◆ Goal of the exercise:
Under this line are the records; write out word for word the part that begins at the line containing "constraint horizontal L7" and ends at the line containing "of L2.end L10.start", and no more.

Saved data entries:

....................

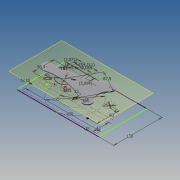
# Autodesk Inventor part: case A
Saved by Autodesk Inventor 2017 (Build 210142000, 142)
## iProperties
Part Number: case A
Material: Genérico
Document SubType Name: Modeling
Designer: Leo
Density: 1 g/cm^3
Appearance: Valor por defecto
Author: Leo
Autodesk Inventor part; units mm, degrees
ref_plane "YZ Plane" through (0, 0, 0) normal (1, 0, 0) x (0, 1, 0)
ref_plane "XZ Plane" through (0, 0, 0) normal (0, 1, 0) x (-1, 0, 0)
sketch "Boceto1" plane through (0, 0, 0) normal (0, 0, 1) x (1, 0, 0)
  circle A0 centre (0, 0) radius 3.175
  circle A1 centre (0, 0) radius 10 construction
  circle A2 centre (59.2187, -32.3945) radius 57.5 construction
  line L0 (28.2, 28.2) -> (-28.2, 28.2) construction
  line L1 (-28.2, 28.2) -> (-28.2, -28.2) construction
  line L2 (-28.2, -28.2) -> (28.2, -28.2) construction
  line L3 (28.2, -28.2) -> (28.2, 28.2) construction
  line L4 (-2.7639, 9.6105) -> (43.3262, 22.8657) construction
  line L5 (4.1137, -48.8168) -> (-9.5835, -2.8561) construction
  circle A3 centre (0, 0) radius 20
  line L6 (-29.9105, -43.3945) -> (170.0895, -43.3945) construction
  line L7 (170.0895, -43.3945) -> (170.0895, -85.3945) construction
  line L8 (170.0895, -85.3945) -> (-29.9105, -85.3945) construction
  line L9 (-29.9105, -85.3945) -> (-29.9105, -43.3945) construction
  circle A4 centre (59.2187, -32.3945) radius 4
  line L10 (-21.8022, 18.2667) -> (-28.8733, 25.3378)
  arc A5 (-25.3378, 28.8733) -> (-28.8733, 25.3378) centre (-27.1055, 27.1055) ccw
  line L11 (-25.3378, 28.8733) -> (-18.2667, 21.8022)
  arc A6 (-21.8022, 18.2667) -> (-18.2667, 21.8022) centre (-20.0345, 20.0345) ccw
  line L12 (21.8022, -18.2667) -> (28.8733, -25.3378)
  arc A7 (25.3378, -28.8733) -> (28.8733, -25.3378) centre (27.1055, -27.1055) ccw
  line L13 (25.3378, -28.8733) -> (18.2667, -21.8022)
  arc A8 (21.8022, -18.2667) -> (18.2667, -21.8022) centre (20.0345, -20.0345) ccw
  line L14 (-18.2667, -21.8022) -> (-25.3378, -28.8733)
  arc A9 (-28.8733, -25.3378) -> (-25.3378, -28.8733) centre (-27.1055, -27.1055) ccw
  line L15 (-28.8733, -25.3378) -> (-21.8022, -18.2667)
  arc A10 (-18.2667, -21.8022) -> (-21.8022, -18.2667) centre (-20.0345, -20.0345) ccw
  line L16 (18.2667, 21.8022) -> (25.3378, 28.8733)
  arc A11 (28.8733, 25.3378) -> (25.3378, 28.8733) centre (27.1055, 27.1055) ccw
  line L17 (28.8733, 25.3378) -> (21.8022, 18.2667)
  arc A12 (18.2667, 21.8022) -> (21.8022, 18.2667) centre (20.0345, 20.0345) ccw
  line L18 (-20.0345, 20.0345) -> (-27.1055, 27.1055) construction
  line L19 (20.0345, 20.0345) -> (27.1055, 27.1055) construction
  line L20 (-43.0653, -32.3945) -> (161.5026, -32.3945) construction
  circle A13 centre (122.4642, -2.3945) radius 2
  circle A14 centre (122.4642, -62.3945) radius 2
  circle A15 centre (122.4642, -2.3945) radius 12.5 construction
  circle A16 centre (59.2187, -32.3945) radius 30 construction
  line L21 (119.864, -14.621) -> (65.4592, -3.0507) construction
  line L22 (-39.9105, 39.6055) -> (180.0895, 39.6055)
  line L23 (180.0895, 39.6055) -> (180.0895, -90.3945)
  line L24 (180.0895, -90.3945) -> (-39.9105, -90.3945)
  line L25 (-39.9105, -90.3945) -> (-39.9105, 39.6055)
  circle A17 centre (-10.5521, -38.0553) radius 2
  circle A18 centre (-10.5521, -38.0553) radius 12.5 construction
  circle A19 centre (59.2187, -32.3945) radius 11 construction
  point P0 (-28.2, 0)
  point P1 (0, -28.2)
  point P2 (70.0895, -90.3945)
  point P3 (70.0895, -85.3945)
  dimension "d15" = 25
  dimension "d17" = 60
  dimension "d0" = 6.35
  dimension "d1" = 56.4
  dimension "d2" = 67.5
  dimension "d3" = 40
  dimension "d4" = 200
  dimension "d5" = 42
  dimension "d6" = 8
  dimension "d7" = 3.0945
  dimension "d8" = 5
  dimension "d9" = 40.0689
  dimension "d10" = 10
  dimension "d11" = 54.2111
  dimension "d12" = 7.0711
  dimension "d13" = 4
  dimension "d14" = 115
  dimension "d16" = 60
  dimension "d18" = 5
  dimension "d19" = 10
  dimension "d20" = 22
  dimension "d21" = 130
  dimension "d22" = 10
  constraints: 52 end point, 23 tangent, 20 point on circle, 18 centre point, 11 parallel, 9 coincident, 8 perpendicular, 5 midpoint, 4 horizontal, 4 point on line, 4 vertical alignment, 3 collinear, 3 horizontal alignment, 2 equal radius, 11 other
  measures "d0" diameter of A0
  measures "d1" distance of L0.end L1.end
  measures "d2" distance of A2.centre point (0, 0)
  measures "d3" diameter of A3
  measures "d4" distance of L7.end L8.end
  measures "d5" distance of L6.end L7.end
  measures "d6" diameter of A4
  measures "d7" distance edge to line of A2 L0
  measures "d8" distance between parallel lines of L11 L10
  measures "d9" distance of L19.start L18.start
  measures "d10" distance of L18.start L18.end
  measures "d11" distance of L19.end L18.end
  measures "d12" horizontal distance of L18.start L18.end
  measures "d13" diameter of A13
  measures "d14" diameter of A2
  measures "d16" distance of point (122.464, -2.394) A14.centre
  measures "d18" distance between parallel lines of L24 L8
  measures "d19" distance edge to line of A5 L22
  measures "d20" diameter of A19
  measures "d21" distance of L22.end L23.end
  measures "d22" distance between parallel lines of L25 L9
ref_plane "Plano de trabajo1" through (0, 0, 38) normal (0, 0, 1) x (1, 0, 0)
sketch "Boceto2" plane through (0, 0, 38) normal (0, 0, 1) x (1, 0, 0)
  circle A0 centre (-10.5521, -38.0553) radius 2 projected
  circle A1 centre (122.4642, -2.3945) radius 2 projected
  circle A2 centre (122.4642, -62.3945) radius 2 projected
  circle A3 centre (59.2187, -32.3945) radius 4 projected
  arc A4 (130.9422, -11.8313) -> (116.2276, 8.6524) centre (122.4642, -2.3945) ccw
  arc A5 (115.237, -72.8203) -> (130.9422, -52.9577) centre (122.4642, -62.3945) ccw
  arc A6 (130.9422, -11.8313) -> (130.9422, -52.9577) centre (149.4162, -32.3945) ccw
  arc A7 (-10.6779, -25.3701) -> (-7.485, -50.3648) centre (-10.5521, -38.0553) ccw
  arc A8 (-10.6779, -25.3701) -> (116.2276, 8.6524) centre (-13.2901, 238.066) ccw
  arc A9 (115.237, -72.8203) -> (-7.485, -50.3648) centre (29.0791, -197.1105) ccw
  point P0 (0, 0)
  constraints: 12 point on circle, 6 centre point, 6 tangent, 3 concentric, 2 equal radius
extrude "Extrusión1" add sketch "Boceto2" along normal blind 4
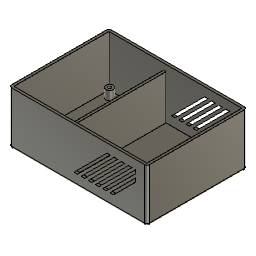
case (Autodesk Fusion 360 design; units mm, degrees)
Autodesk Fusion 360 part; units mm, degrees
sketch "Skizze1" plane through (0, 0, 0) normal (0, 0, 1) x (1, 0, 0)
  line L0 (0, 0) -> (105, 0)
  line L1 (105, 0) -> (105, 75)
  line L2 (105, 75) -> (0, 75)
  line L3 (0, 75) -> (0, 0)
  line L4 (0, 75.0065) -> (43, 75.0065) construction
  line L5 (43, 75) -> (45, 75)
  line L6 (45, 75) -> (45, 0)
  line L7 (45, 0) -> (43, 0)
  line L8 (43, 0) -> (43, 75)
  line L9 (45, 75.0065) -> (105, 75.0065) construction
  line L10 (0, 70) -> (43, 70) construction
  line L11 (0, 5) -> (43, 5) construction
  line L12 (2, 70) -> (2, 5) construction
  line L13 (2, 47.6883) -> (5.5, 47.6883) construction
  line L14 (5.5, 70) -> (5.5, 5) construction
  line L15 (35.5, 70) -> (35.5, 5) construction
  circle A0 centre (5.5, 70) radius 1.25
  circle A1 centre (5.5, 5) radius 1.25
  circle A2 centre (35.5, 70) radius 1.25
  circle A3 centre (35.5, 5) radius 1.25
  circle A4 centre (5.5, 70) radius 3
  circle A5 centre (35.5, 70) radius 3
  circle A6 centre (35.5, 5) radius 3
  circle A7 centre (5.5, 5) radius 3
  dimension "d1" = 105
  dimension "d2" = 75
  dimension "d7" = 43
  dimension "d8" = 2
  dimension "d9" = 75
  dimension "d31" = 60
  dimension "d33" = 5
  dimension "d45" = 3.5
  dimension "d47" = 2.5
  dimension "d48" = 2.5
  dimension "d49" = 2.5
  dimension "d50" = 2.5
  dimension "d51" = 6
  dimension "d52" = 6
  dimension "d53" = 6
  dimension "d54" = 6
  constraint horizontal L0
  constraint vertical L1
  constraint horizontal L2
  constraint vertical L3
  constraint coincident L0.start L3.end
  constraint coincident L3 L4.start
  constraint perpendicular L3 L4
  constraint horizontal L5
  constraint vertical L6
  constraint horizontal L7
  constraint vertical L8
  constraint coincident L2 L5.start
  constraint coincident L6 L9.start
  constraint coincident L1 L9.end
  constraint perpendicular L1 L9
  constraint coincident L8 L10.end
  constraint perpendicular L8 L10
  constraint coincident L3 L11.start
  constraint coincident L8 L11.end
  constraint perpendicular L8 L11
  constraint coincident L10 L12.start
  constraint coincident L11 L12.end
  constraint coincident L12 L13.start
  constraint perpendicular L12 L13
  constraint coincident L10 L14.start
  constraint coincident L11 L14.end
  constraint perpendicular L11 L14
  constraint coincident L10 L15.start
  constraint coincident L11 L15.end
  constraint perpendicular L11 L15
  constraint coincident L14.start A0.centre
  constraint coincident L14.end A1.centre
  constraint coincident L15.start A2.centre
  constraint coincident L15.end A3.centre
  constraint concentric A0 A4
  constraint concentric A1 A7
  measures "d1" distance of L0.start L0.end
  measures "d2" distance of L0.start L2.end
  measures "d7" distance of L4.start L4.end
  measures "d8" distance of L5.start L5.end
  measures "d9" distance of L5.start L7.end
  measures "d31" distance of L9.start L9.end
  measures "d33" distance of L2.end L10.start
  measures "d45" distance of L13.start L13.end
  measures "d47" diameter of A0
  measures "d48" diameter of A1
  measures "d49" diameter of A2
  measures "d50" diameter of A3
  measures "d51" diameter of A4
  measures "d52" diameter of A5
  measures "d53" diameter of A6
  measures "d54" diameter of A7
extrude "Extrusion1" add sketch "Skizze1" along normal blind 40 contours L0 L2 L3 L8 | L0 L2 L5 L6 L7 L8 | L0 L1 L2 L6 | A0 | A1 | A2 | A3 | A4 | A5 | A6 | A7
shell "Schale1" thickness 2 outward yes removed faces 1 at (85, 25, 40)
extrude "Extrusion2" add sketch "Skizze1" along normal blind 35 contours L0 L2 L5 L6 L7 L8
fillet "Abrundung1" radius 2 8 edges at (107, -2, 19) (107, 37.5, -2) (52.5, -2, -2) (-2, -2, 19) (107, 77, 19) (-2, 37.5, -2) (-2, 77, 19) (52.5, 77, -2)
sketch "Skizze2" plane through (0, -2, 0) normal (0, -1, 0) x (1, 0, 0)
  line L0 (105, 0) -> (105, 40)
  line L1 (105, 40) -> (0, 40)
  line L2 (0, 40) -> (0, 0)
  line L3 (0, 0) -> (105, 0)
  line L4 (105, 40) -> (45, 40) construction
  line L5 (105, 40) -> (65, 0)
  line L6 (105, 40) -> (161.5685, 40) construction
  line L7 (103.5858, 41.4142) -> (63.5858, 1.4142)
  line L8 (102.1716, 42.8284) -> (62.1716, 2.8284)
  line L9 (100.7574, 44.2426) -> (60.7574, 4.2426)
  line L10 (99.3431, 45.6569) -> (59.3431, 5.6569)
  line L11 (106.4142, 38.5858) -> (66.4142, -1.4142)
  line L12 (107.8284, 37.1716) -> (67.8284, -2.8284)
  line L13 (109.2426, 35.7574) -> (69.2426, -4.2426)
  line L14 (7, 7) -> (98, 7)
  line L15 (98, 7) -> (98, 33)
  line L16 (98, 33) -> (7, 33)
  line L17 (7, 33) -> (7, 7)
  line L18 (90.8579, 40) -> (50.8579, 0)
  line L19 (89.4437, 41.4142) -> (49.4437, 1.4142)
  line L20 (88.0294, 42.8284) -> (48.0294, 2.8284)
  line L21 (86.6152, 44.2426) -> (46.6152, 4.2426)
  dimension "d14" = 60
  dimension "d15" = 135
  dimension "d16" = 2
  dimension "d17" = 4
  dimension "d18" = 6
  dimension "d19" = 8
  dimension "d20" = -2
  dimension "d21" = -4
  dimension "d22" = -6
  dimension "d24" = -7
  dimension "d26" = 2
  dimension "d27" = 4
  dimension "d28" = 6
  constraint coincident L0.end L1.start
  constraint perpendicular L0 L4
  constraint horizontal L6
  constraint coincident L3 L5.end
  constraint coincident L1 L18.start
  constraint coincident L3 L18.end
  measures "d14" distance of L0.end L4.end
  measures "d15" angle of L5 L6
extrude "Extrusion3" cut sketch "Skizze2" against normal blind 110 contours L12 L13 L14 L15 | L5 L11 L14 L15 | L7 L8 L14 L16 | L14 L16 L18 L19 | L9 L10 L14 L16 | L14 L16 L20 L21
extrude "Extrusion4" add sketch "Skizze1" along normal blind 7 contours A7
extrude "Extrusion5" add sketch "Skizze1" along normal blind 7 contours A6
extrude "Extrusion6" add sketch "Skizze1" along normal blind 7 contours A4
extrude "Extrusion7" add sketch "Skizze1" along normal blind 7 contours A5
sketch "Skizze3" plane through (-2, 0, 0) normal (-1, 0, 0) x (0, -1, 0)
  line L0 (0, 0) -> (0, 40)
  line L1 (0, 40) -> (-75, 40)
  line L2 (-75, 40) -> (-75, 0)
  line L3 (-75, 0) -> (0, 0)
  line L4 (-75, 7) -> (0, 7) construction
  line L5 (-70, 0) -> (-70, 40) construction
  line L6 (-5, 0) -> (-5, 40) construction
  line L7 (-70, 7) -> (-16, 7) construction
  line L8 (-12.5, 8) -> (-19.5, 8) construction
  line L9 (-19.5, 8) -> (-19.5, 6) construction
  line L10 (-19.5, 6) -> (-12.5, 6) construction
  line L11 (-12.5, 6) -> (-12.5, 8) construction
  line L12 (-9.5, 11) -> (-22.5, 11)
  line L13 (-22.5, 11) -> (-22.5, 3)
  line L14 (-22.5, 3) -> (-9.5, 3)
  line L15 (-9.5, 3) -> (-9.5, 11)
  dimension "d66" = 54
  dimension "d72" = 7
  dimension "d73" = 2
  dimension "d74" = 3
  constraint coincident L2 L4.start
  constraint coincident L0 L4.end
  constraint perpendicular L0 L4
  constraint coincident L3 L5.start
  constraint coincident L1 L5.end
  constraint perpendicular L1 L5
  constraint coincident L3 L6.start
  constraint coincident L1 L6.end
  constraint perpendicular L1 L6
  constraint coincident L4 L7.start
  constraint coincident L5 L7.start
  constraint perpendicular L5 L7
  constraint horizontal L8
  constraint vertical L9
  constraint horizontal L10
  constraint vertical L11
  measures "d66" distance of L7.start L7.end
  measures "d72" distance of L8.start L8.end
  measures "d73" distance of L8.start L10.end
extrude "Extrusion8" cut sketch "Skizze3" against normal blind 8 contours L12 L13 L14 L15

....................

◆ Exercise output:
  constraint horizontal L7
  constraint vertical L8
  constraint coincident L2 L5.start
  constraint coincident L6 L9.start
  constraint coincident L1 L9.end
  constraint perpendicular L1 L9
  constraint coincident L8 L10.end
  constraint perpendicular L8 L10
  constraint coincident L3 L11.start
  constraint coincident L8 L11.end
  constraint perpendicular L8 L11
  constraint coincident L10 L12.start
  constraint coincident L11 L12.end
  constraint coincident L12 L13.start
  constraint perpendicular L12 L13
  constraint coincident L10 L14.start
  constraint coincident L11 L14.end
  constraint perpendicular L11 L14
  constraint coincident L10 L15.start
  constraint coincident L11 L15.end
  constraint perpendicular L11 L15
  constraint coincident L14.start A0.centre
  constraint coincident L14.end A1.centre
  constraint coincident L15.start A2.centre
  constraint coincident L15.end A3.centre
  constraint concentric A0 A4
  constraint concentric A1 A7
  measures "d1" distance of L0.start L0.end
  measures "d2" distance of L0.start L2.end
  measures "d7" distance of L4.start L4.end
  measures "d8" distance of L5.start L5.end
  measures "d9" distance of L5.start L7.end
  measures "d31" distance of L9.start L9.end
  measures "d33" distance of L2.end L10.start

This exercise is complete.